Is There a Future CEO in P&G's Reshuffled Ranks?

Returning CEO Lafley is expected to groom his successor from among seven newly elevated executives
Procter & Gamble CEO A.G. Lafley Photograph by Shannon Stapleton/Corbis

Two weeks into his new/old job as Procter & Gamble’s chief executive officer, A.G. Lafley appears to be lining up his replacement. In the first big move since P&G’s board summoned its former CEO out of retirement to replace Bob McDonald, Lafley announced a major reorganization to focus on four main business areas: baby, feminine, and family care; beauty; health and grooming; and fabric and home care.

Under McDonald, who succeeded Lafley in 2009, P&G struggled with weak growth and market share losses in many developed markets. The changes, effective July 1, “will help us get closer to consumers and become more agile with customers,” Lafley said yesterday in a statement that identified seven executives. Part of Lafley’s role upon his return was to identify and groom the next CEO. One executive dealt out was the head of pet care, Jorge Mesquita, who is leaving “to pursue outside interests,” P&G said.

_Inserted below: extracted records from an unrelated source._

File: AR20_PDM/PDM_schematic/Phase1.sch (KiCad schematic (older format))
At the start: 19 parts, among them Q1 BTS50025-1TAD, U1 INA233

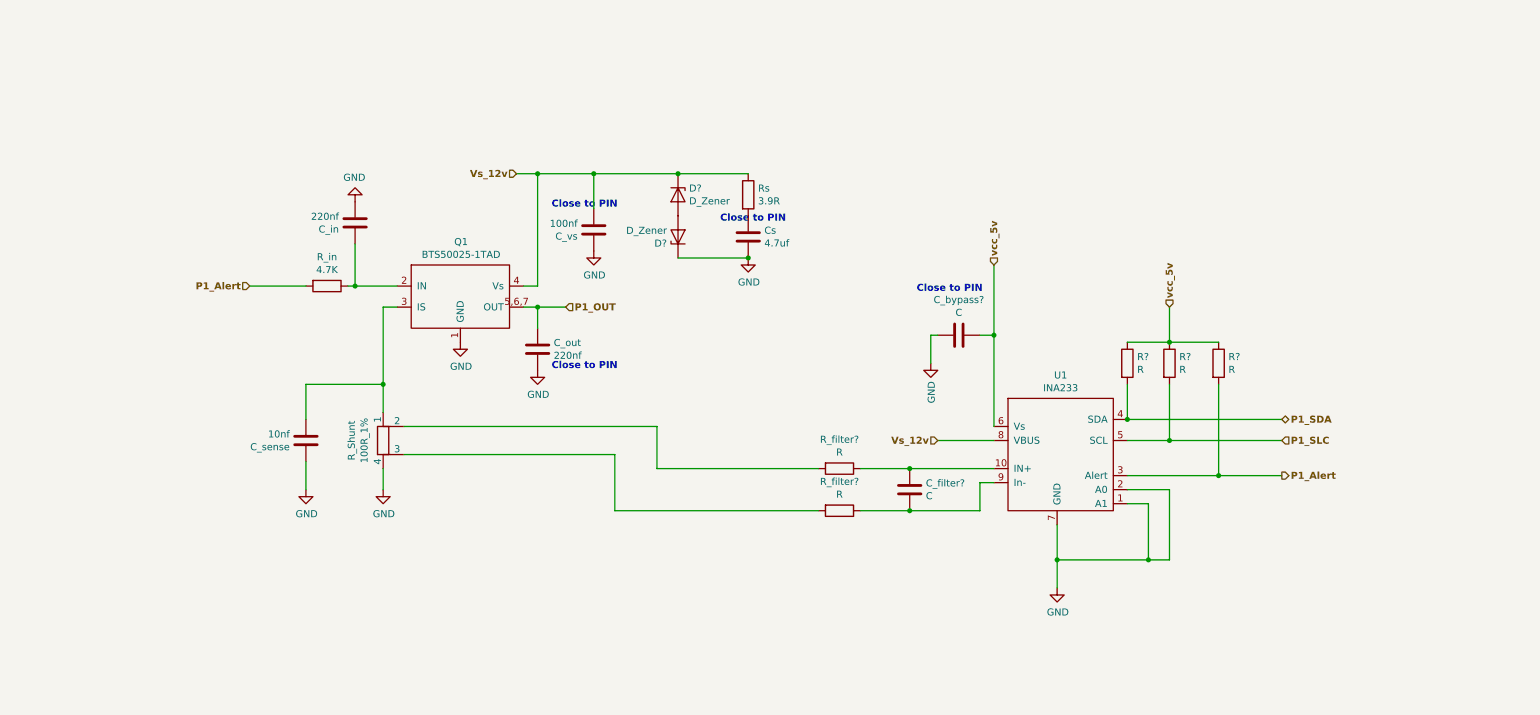
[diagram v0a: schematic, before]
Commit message: Refining pdm schematics
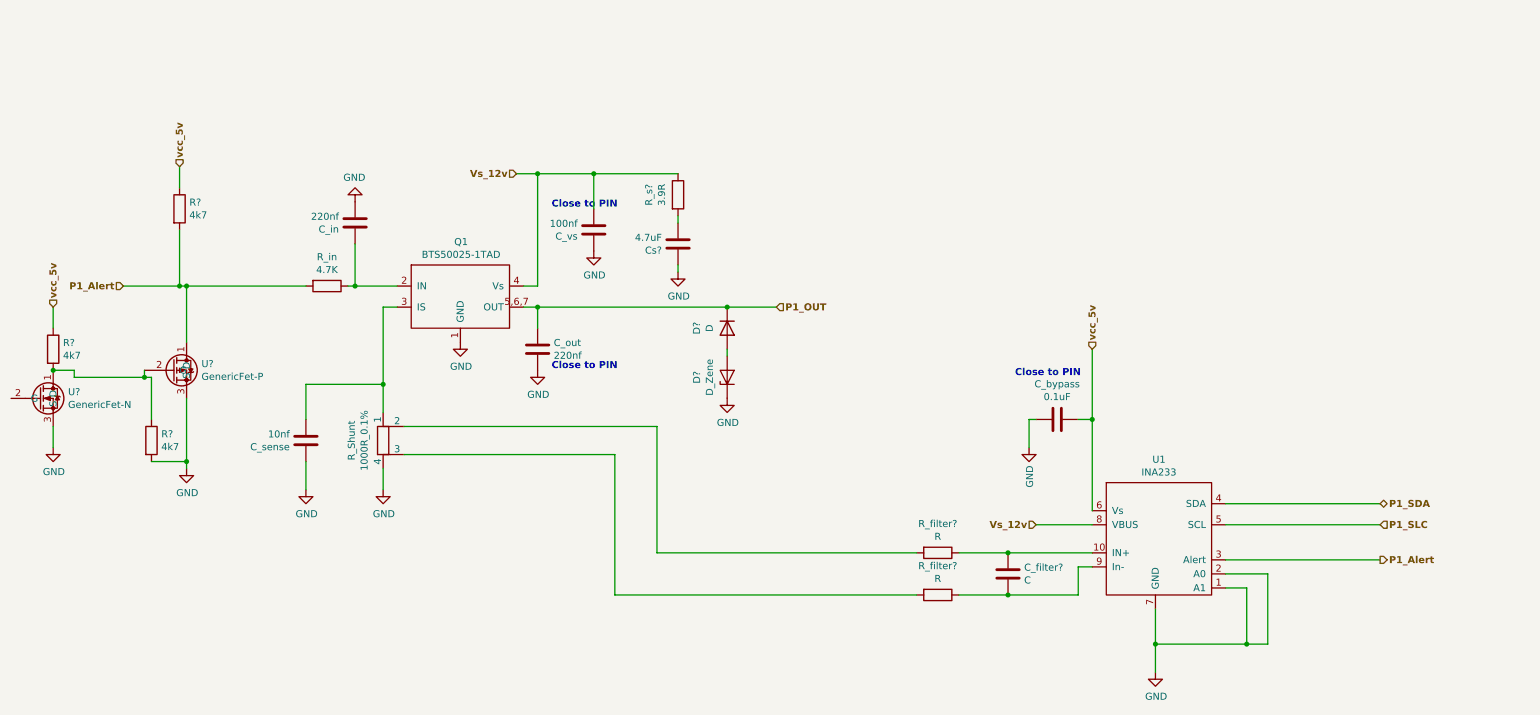
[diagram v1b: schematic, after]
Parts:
- removed Cs: 4.7uf, symbol AR20_PDM_v1-rescue:C-Device
- removed D? (x2): D_Zener, symbol AR20_PDM_v1-rescue:D_Zener-Device
- removed R? (x2): R, symbol AR20_PDM_v1-rescue:R-Device
- removed Rs: 3.9R, symbol AR20_PDM_v1-rescue:R-Device
- added Cs?: 4.7uF, symbol AR20_PDM_v1-rescue:C-Device
- added D?: D_Zene, symbol AR20_PDM_v1-rescue:D_Zener-Device
- added D?: D, symbol AR20_PDM_v1-rescue:DIODE-Simulation_SPICE
- added R? (x2): 4k7, symbol AR20_PDM_v1-rescue:R-Device
- added R_s?: 3.9R, symbol AR20_PDM_v1-rescue:R-Device
- added U?: GenericFet-P, symbol AR20_PDM_v1-rescue:GenericFet-P
- added U?: GenericFet-N, symbol AR20_PDM_v1-rescue:GenericFet-N
- C_bypass: renamed from C_bypass?; value C -> 0.1uF
- R?: value R -> 4k7
- R_Shunt: value 100R_1% -> 1000R_0.1%
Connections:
- net GND: now also Cs?.1, D?.1 (K), R?.2, U?.3 (S), U?.3 (S)
- net P1_Alert: now also U?.1 (D)
- net P1_OUT: now also D?.2 (K)
- net Vs_12v: now also R_s?.1
- net vcc_5v: now also R?.1
- new net: D?.1 (A), D?.2 (A)
- new net: Cs?.2, R_s?.2
- new net: R?.1, R?.2, U?.1 (D), U?.2 (G)
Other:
- moved on the sheet: C_bypass, C_filter?, R?, R_filter?, U1

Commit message: Refining pdm phase 1
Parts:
- removed R?: 4k7, symbol AR20_PDM_v1-rescue:R-Device
- removed U?: GenericFet-P, symbol AR20_PDM_v1-rescue:GenericFet-P
- removed U?: GenericFet-N, symbol AR20_PDM_v1-rescue:GenericFet-N
- added R?: 4k7, symbol AR20_PDM_v1-rescue:R-Device
- added U? (x2): Fet-P, symbol AR20_PDM_v1-rescue:GenericFet-P
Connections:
- net GND: now also R?.2, U?.3 (S), U?.3 (S)
- net P1_Alert: now also U?.1 (D), U?.1 (D)
- net P1_EN: now reaches R?.1
- net P1_EN: now also U?.2 (G)
- new net P1_mcu_EN: R?.1, U?.2 (G)
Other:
- moved on the sheet: C_bypass, C_filter?, C_in, C_out, C_sense, C_vs, Cs?, D?, Q1, R?, R_Shunt, R_filter?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

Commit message: PDM Phase 1 mostly complete
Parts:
- removed C_filter?: C, symbol AR20_PDM_v1-rescue:C-Device
- removed R_filter? (x2): R, symbol AR20_PDM_v1-rescue:R-Device
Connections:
- net at U1.10 (IN+): now also R_Shunt.2
- net at U1.9 (In-): now also R_Shunt.3
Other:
- note added: "Configurable address, \nmust be different for each chip"
- moved on the sheet: R?, U?
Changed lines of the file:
@@
-$EndComp
-$Comp
-L AR20_PDM_v1-rescue:C-Device C_filter?
-U 1 1 5DAAC1F5
-P 8150 4450
-F 0 "C_filter?" H 8265 4496 50  0000 L CNN
-F 1 "C" H 8265 4405 50  0000 L CNN
-F 2 "" H 8188 4300 50  0001 C CNN
-F 3 "~" H 8150 4450 50  0001 C CNN
-	1    8150 4450
-	1    0    0    -1
 $EndComp
 $Comp
@@
 Wire Wire Line
 	4800 2550 4800 2700
-Wire Wire Line
-	9200 4700 9200 4950
-Wire Wire Line
-	8750 4300 8150 4300
-Connection ~ 8150 4300
 $Comp
 L AR20_PDM_v1-rescue:GND-power #PWR?
@@
 	3700 3850 3700 3700
 Wire Wire Line
-	8150 4600 7800 4600
-Wire Wire Line
-	7800 4300 8150 4300
-Wire Wire Line
 	8750 2850 8750 3350
 Wire Wire Line
@@
 Wire Wire Line
 	9700 4450 10000 4450
-Wire Wire Line
-	10000 4450 10000 4950
 $Comp
 L AR20_PDM_v1-rescue:GND-power #PWR?
@@
 Wire Wire Line
 	3500 2400 3800 2400
-Wire Wire Line
-	9850 4950 9200 4950
-Connection ~ 9200 4950
-Wire Wire Line
-	9200 4950 9200 5150
-Wire Wire Line
-	9850 4950 10000 4950
-Connection ~ 9850 4950
 $Comp
 L AR20_PDM_v1-rescue:BTS50025-1TAD Q1
@@
 	3850 3600 5350 3600
 Wire Wire Line
-	3850 3400 5650 3400
+	3850 3400 5450 3400
 Text HLabel 2250 1550 1    50   Input ~ 10
 vcc_5v
-Wire Wire Line
-	8750 4400 8650 4400
-Wire Wire Line
-	8650 4400 8650 4600
-Wire Wire Line
-	8650 4600 8150 4600
-Connection ~ 8150 4600
 Wire Wire Line
 	9700 4100 10350 4100
@@
 Connection ~ 5200 1600
 Wire Wire Line
-	5650 3400 5650 4300
-Wire Wire Line
-	5650 4300 7500 4300
-$Comp
-L AR20_PDM_v1-rescue:R-Device R_filter?
-U 1 1 5DAAC263
-P 7650 4600
-F 0 "R_filter?" V 7443 4600 50  0000 C CNN
-F 1 "R" V 7534 4600 50  0000 C CNN
-F 2 "" V 7580 4600 50  0001 C CNN
-F 3 "~" H 7650 4600 50  0001 C CNN
-	1    7650 4600
-	0    1    1    0
-$EndComp
-$Comp
-L AR20_PDM_v1-rescue:R-Device R_filter?
-U 1 1 5DAAC1FB
-P 7650 4300
-F 0 "R_filter?" V 7443 4300 50  0000 C CNN
-F 1 "R" V 7534 4300 50  0000 C CNN
-F 2 "" V 7580 4300 50  0001 C CNN
-F 3 "~" H 7650 4300 50  0001 C CNN
-	1    7650 4300
-	0    1    1    0
-$EndComp
-Wire Wire Line
-	7500 4600 5350 4600
-Wire Wire Line
-	5350 3600 5350 4600
-Text HLabel 1250 1900 1    50   Input ~ 10
+	5450 3400 5450 4300
+Wire Wire Line
+	5350 3600 5350 4400
+Text HLabel 1350 1900 1    50   Input ~ 10
 P1_Alert
 Wire Wire Line
@@
 $Comp
 L AR20_PDM_v1-rescue:GND-power #PWR?
-U 1 1 5DC19763
-P 2500 3600
-F 0 "#PWR?" H 2500 3350 50  0001 C CNN
-F 1 "GND" H 2505 3427 50  0000 C CNN
-F 2 "" H 2500 3600 50  0001 C CNN
-F 3 "" H 2500 3600 50  0001 C CNN
-	1    2500 3600
-	1    0    0    -1
-$EndComp
-Wire Wire Line
-	2500 3200 2500 3550
-Connection ~ 2500 3550
-Wire Wire Line
-	2500 3550 2500 3600
+U 1 1 5DC2BC32
+P 1350 3600
+F 0 "#PWR?" H 1350 3350 50  0001 C CNN
+F 1 "GND" H 1355 3427 50  0000 C CNN
+F 2 "" H 1350 3600 50  0001 C CNN
+F 3 "" H 1350 3600 50  0001 C CNN
+	1    1350 3600
+	1    0    0    -1
+$EndComp
+Wire Wire Line
+	1350 3200 1350 3550
+Wire Wire Line
+	1000 3550 1350 3550
+Connection ~ 1350 3550
+Wire Wire Line
+	1350 3550 1350 3600
+Wire Wire Line
+	1350 2400 1350 2800
+$Comp
+L AR20_PDM_v1-rescue:R-Device R?
+U 1 1 5DC2BC49
+P 1000 3400
+F 0 "R?" H 1070 3446 50  0000 L CNN
+F 1 "4k7" H 1070 3355 50  0000 L CNN
+F 2 "" V 930 3400 50  0001 C CNN
+F 3 "~" H 1000 3400 50  0001 C CNN
+	1    1000 3400
+	1    0    0    -1
+$EndComp
+Wire Wire Line
+	1000 3250 1000 3000
+Wire Wire Line
+	1000 3000 1050 3000
+Wire Wire Line
+	1350 1900 1350 2400
+Connection ~ 1350 2400
+Wire Wire Line
+	1350 2400 2250 2400
+Wire Wire Line
+	2250 2400 2500 2400
+Connection ~ 2500 2400
+Wire Wire Line
+	2500 2400 3150 2400
+$Comp
+L AR20_PDM_v1-rescue:GenericFet-P U?
+U 1 1 5DC2BC43
+P 1350 2500
+F 0 "U?" H 1456 2046 50  0000 L CNN
+F 1 "Fet-P" H 1456 1955 50  0000 L CNN
+F 2 "" H 1350 2500 50  0001 C CNN
+F 3 "" H 1350 2500 50  0001 C CNN
+	1    1350 2500
+	1    0    0    -1
+$EndComp
+Connection ~ 1000 3000
+Text HLabel 700  3100 3    50   Input ~ 0
+P1_mcu_EN
+Wire Wire Line
+	700  3000 700  3100
+Wire Wire Line
+	700  3000 1000 3000
+Wire Wire Line
+	5450 4300 8750 4300
+Wire Wire Line
+	5350 4400 8750 4400
+Wire Wire Line
+	9200 4950 9200 5150
+Wire Wire Line
+	9200 4700 9200 4950
+Connection ~ 9200 4950
+Wire Wire Line
+	9850 4950 9200 4950
+Connection ~ 9850 4950
+Wire Wire Line
+	9850 4950 10000 4950
+Wire Wire Line
+	10000 4450 10000 4950
+Text Notes 9650 4750 0    50   ~ 10
+Configurable address, \nmust be different for each chip
+Wire Wire Line
+	1850 3000 2150 3000
+Wire Wire Line
+	1850 3100 1850 3000
+Text HLabel 1850 3100 3    50   Input ~ 0
+P1_EN
+Connection ~ 2150 3000
+Wire Wire Line
+	2150 3550 2500 3550
+Wire Wire Line
+	2150 3450 2150 3550
+Wire Wire Line
+	2150 3000 2150 3150
+Wire Wire Line
+	2150 3000 2200 3000
+$Comp
+L AR20_PDM_v1-rescue:R-Device R?
+U 1 1 5DC1F6FA
+P 2150 3300
+F 0 "R?" H 2220 3346 50  0000 L CNN
+F 1 "4k7" H 2220 3255 50  0000 L CNN
+F 2 "" V 2080 3300 50  0001 C CNN
+F 3 "~" H 2150 3300 50  0001 C CNN
+	1    2150 3300
+	1    0    0    -1
+$EndComp
+Wire Wire Line
+	2500 2800 2500 2400
 $Comp
 L AR20_PDM_v1-rescue:GenericFet-P U?
@@
 	1    0    0    -1
 $EndComp
-$Comp
-L AR20_PDM_v1-rescue:GND-power #PWR?
-U 1 1 5DC2BC32
-P 1250 3600
-F 0 "#PWR?" H 1250 3350 50  0001 C CNN
-F 1 "GND" H 1255 3427 50  0000 C CNN
-F 2 "" H 1250 3600 50  0001 C CNN
-F 3 "" H 1250 3600 50  0001 C CNN
-	1    1250 3600
-	1    0    0    -1
-$EndComp
-Wire Wire Line
-	1250 3200 1250 3550
-Wire Wire Line
-	900  3550 1250 3550
-Connection ~ 1250 3550
-Wire Wire Line
-	1250 3550 1250 3600
-Wire Wire Line
-	1250 2400 1250 2800
-$Comp
-L AR20_PDM_v1-rescue:R-Device R?
-U 1 1 5DC2BC49
-P 900 3400
-F 0 "R?" H 970 3446 50  0000 L CNN
-F 1 "4k7" H 970 3355 50  0000 L CNN
-F 2 "" V 830 3400 50  0001 C CNN
-F 3 "~" H 900 3400 50  0001 C CNN
-	1    900  3400
-	1    0    0    -1
-$EndComp
-Wire Wire Line
-	900  3250 900  3000
-Wire Wire Line
-	900  3000 950  3000
-Wire Wire Line
-	1250 1900 1250 2400
-Connection ~ 1250 2400
-Wire Wire Line
-	1250 2400 2250 2400
-Wire Wire Line
-	2500 2800 2500 2400
-Wire Wire Line
-	2250 2400 2500 2400
-Connection ~ 2500 2400
-Wire Wire Line
-	2500 2400 3150 2400
-$Comp
-L AR20_PDM_v1-rescue:R-Device R?
-U 1 1 5DC1F6FA
-P 2150 3300
-F 0 "R?" H 2220 3346 50  0000 L CNN
-F 1 "4k7" H 2220 3255 50  0000 L CNN
-F 2 "" V 2080 3300 50  0001 C CNN
-F 3 "~" H 2150 3300 50  0001 C CNN
-	1    2150 3300
-	1    0    0    -1
-$EndComp
-Wire Wire Line
-	2150 3000 2200 3000
-Wire Wire Line
-	2150 3000 2150 3150
-Wire Wire Line
-	2150 3450 2150 3550
-Wire Wire Line
-	2150 3550 2500 3550
-$Comp
-L AR20_PDM_v1-rescue:GenericFet-P U?
-U 1 1 5DC2BC43
-P 1250 2500
-F 0 "U?" H 1356 2046 50  0000 L CNN
-F 1 "Fet-P" H 1356 1955 50  0000 L CNN
-F 2 "" H 1250 2500 50  0001 C CNN
-F 3 "" H 1250 2500 50  0001 C CNN
-	1    1250 2500
-	1    0    0    -1
-$EndComp
-Connection ~ 900  3000
-Connection ~ 2150 3000
-Text HLabel 1850 3100 3    50   Input ~ 0
-P1_EN
-Wire Wire Line
-	1850 3100 1850 3000
-Wire Wire Line
-	1850 3000 2150 3000
-Text HLabel 600  3100 3    50   Input ~ 0
-P1_mcu_EN
-Wire Wire Line
-	600  3000 600  3100
-Wire Wire Line
-	600  3000 900  3000
+Wire Wire Line
+	2500 3550 2500 3600
+Connection ~ 2500 3550
+Wire Wire Line
+	2500 3200 2500 3550
+$Comp
+L AR20_PDM_v1-rescue:GND-power #PWR?
+U 1 1 5DC19763
+P 2500 3600
+F 0 "#PWR?" H 2500 3350 50  0001 C CNN
+F 1 "GND" H 2505 3427 50  0000 C CNN
+F 2 "" H 2500 3600 50  0001 C CNN
+F 3 "" H 2500 3600 50  0001 C CNN
+	1    2500 3600
+	1    0    0    -1
+$EndComp
 $EndSCHEMATC

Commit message: PDM: VOL1 + Breakout board
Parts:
- Q1: footprint (none) -> PDM_footprint:BTS50055-1TMA
- U1: footprint (none) -> PDM_footprint:INA233
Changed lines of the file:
@@
 F 0 "Q1" H 4255 3215 50  0000 C CNN
 F 1 "BTS50025-1TAD" H 4255 3124 50  0000 C CNN
-F 2 "" H 4250 2650 50  0001 C CNN
+F 2 "PDM_footprint:BTS50055-1TMA" H 4250 2650 50  0001 C CNN
 F 3 "" H 4250 2650 50  0001 C CNN
 	1    4250 2650
@@
 F 0 "U1" H 9225 4465 50  0000 C CNN
 F 1 "INA233" H 9225 4374 50  0000 C CNN
-F 2 "" H 9200 4050 50  0001 C CNN
+F 2 "PDM_footprint:INA233" H 9200 4050 50  0001 C CNN
 F 3 "" H 9200 4050 50  0001 C CNN
 	1    9200 4050

The newly elevated executives, with biographies (pdfs) linked to their names:

Martin Riant, 54, will oversee baby, feminine and family care.

Deborah Henretta, 52, will be in charge of beauty.

David Taylor, 55, will head health and grooming.

Giovanni Ciserani, 50, will oversee fabric and home care.

Dimitri Panayotopoulos, 61, the vice chairman of global business units, was promoted to vice chairman and adviser to Lafley.

Melanie Healey, 52, P&G’s group president of North America and Global Hyper, Super and Mass Channel, will now report directly to the CEO.

Werner Geissler, 60, vice chairman of global operations, will continue reporting to Lafley.

Analysts have reason to think one of the seven executives will succeed Lafley in the next few years. All have been with the company for decades. Healey, who was born in Brazil, counts as the “newest” executive hire with 23 years at P&G. Panayotopoulous, who began as a P&G salesman in England, has been at the company 36 years. During its 176-year history, every P&G CEO has either been an internally groomed candidate or a relative of William Procter or James Gamble, the immigrants who married sisters and founded the company in 1837 in Cincinnati.

Lafley has no specific timetable for how long he’ll remain CEO, P&G spokesman Paul Fox said today. “He has said this is criteria-driven, not schedule driven,” Fox said. “When he and the board believe he’s achieved the objectives … then I think they’ll reconsider it.”